O presidente da Câmara Municipal deixou ainda um apelo ao
governo para que Valada possa contar com um Plano Diretor Municipal (PDM) que
contribua para inverter o recuo demográfico e permita a projetos que,
“respeitando o ambiente, se possam aqui desenvolver e criar riqueza”.

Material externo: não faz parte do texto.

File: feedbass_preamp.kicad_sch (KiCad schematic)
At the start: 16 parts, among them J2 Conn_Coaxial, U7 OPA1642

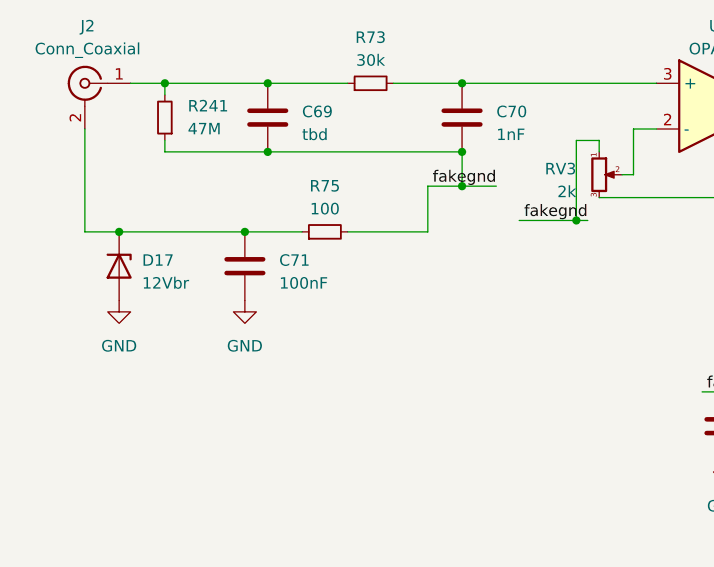
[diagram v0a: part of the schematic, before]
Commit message: updates for better bom
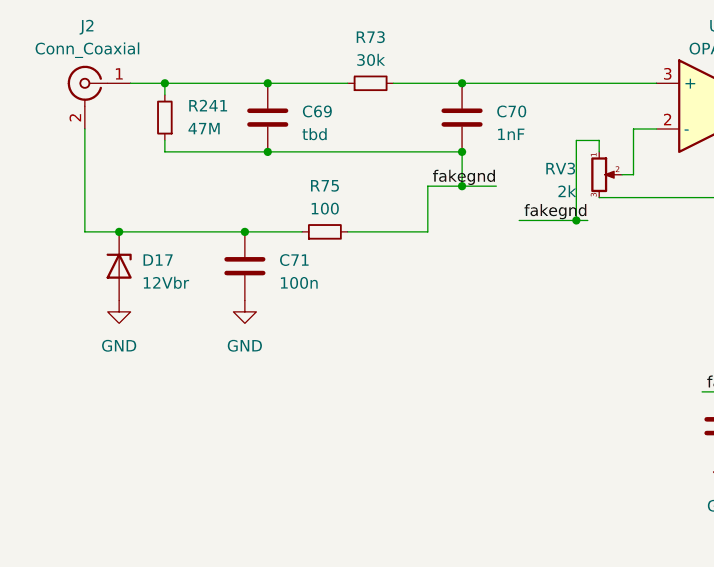
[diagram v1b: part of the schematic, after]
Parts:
- C71: value 100nF -> 100n
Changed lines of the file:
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@@
 			)
 		)
-		(property "Value" "100nF"
+		(property "Value" "100n"
 			(at 83.82 69.215 0)
 			(effects

“Nos censos de 1981, a população de Valada era superior a 2
mil pessoas, hoje, é pouco mais de 700 pessoas”, afirmou, garantindo que “sou
dos autarcas que defendem uma gestão territorial responsável. Defendo que a REN
deve ter gestão nacional, porque é património nacional. Para Valada, o
equilíbrio ambiental e a preservação da biodiversidade, são essenciais, também
por isso, o PDM proposto pelo município e em apreciação pelas entidades
responsáveis, prevê pequenas alterações, que não porão em causa os equilíbrios
que nos diferenciam, mas que permitem ao território ser atrativo, quer para o
investimento empresarial, quer para a fixação de população, sem os quais, será
um território amordaçado”.

Compromissos recentes do governo valorizam o rio Tejo

Para além das reivindicações e medidas que Pedro Magalhães
Ribeiro considera urgentes para a valorização da freguesia de Valada “e cujas
soluções terão repercussões regionais e nacionais”, o autarca destacou também
“as decisões do governo que estão de acordo com a minha convicção de que o Tejo
é o elemento mais estruturante da nossa região e é essencial para o
desenvolvimento económico nacional”.

Avançar com o estudo de viabilidade do Projeto “Alqueva do
Tejo”, pelo Ministério da Agricultura, “é uma decisão que coloca no centro da
discussão pública, um rio que tem estado afastado das decisões estratégicas
para o país e abre portas à possibilidade de regar 300 mil hectares de terrenos
agrícolas no Ribatejo, no Oeste e em Setúbal, num investimento superior a 4,5
mil milhões de euros”.

A garantia da Ministra do Mar de que a navegabilidade do
Tejo é um projeto estratégico para o país, sendo que “até 2020, o Tejo será
navegável para o transporte de mercadorias, numa primeira fase até à plataforma
Logística da Castanheira do Ribatejo”, é um outro “passo para a valorização do
Tejo”, que o autarca aplaude.

“Investir 74 milhões de euros, até 2020, na requalificação
de Estações de Tratamento de Águas Residuais, como medida para melhorar a
qualidade da água do rio e reduzir focos de poluição”, é outra das ações que o
presidente da câmara apontou como essencial para a valorização e preservação do
Rio Tejo enquanto património ambiental e de riqueza para as populações.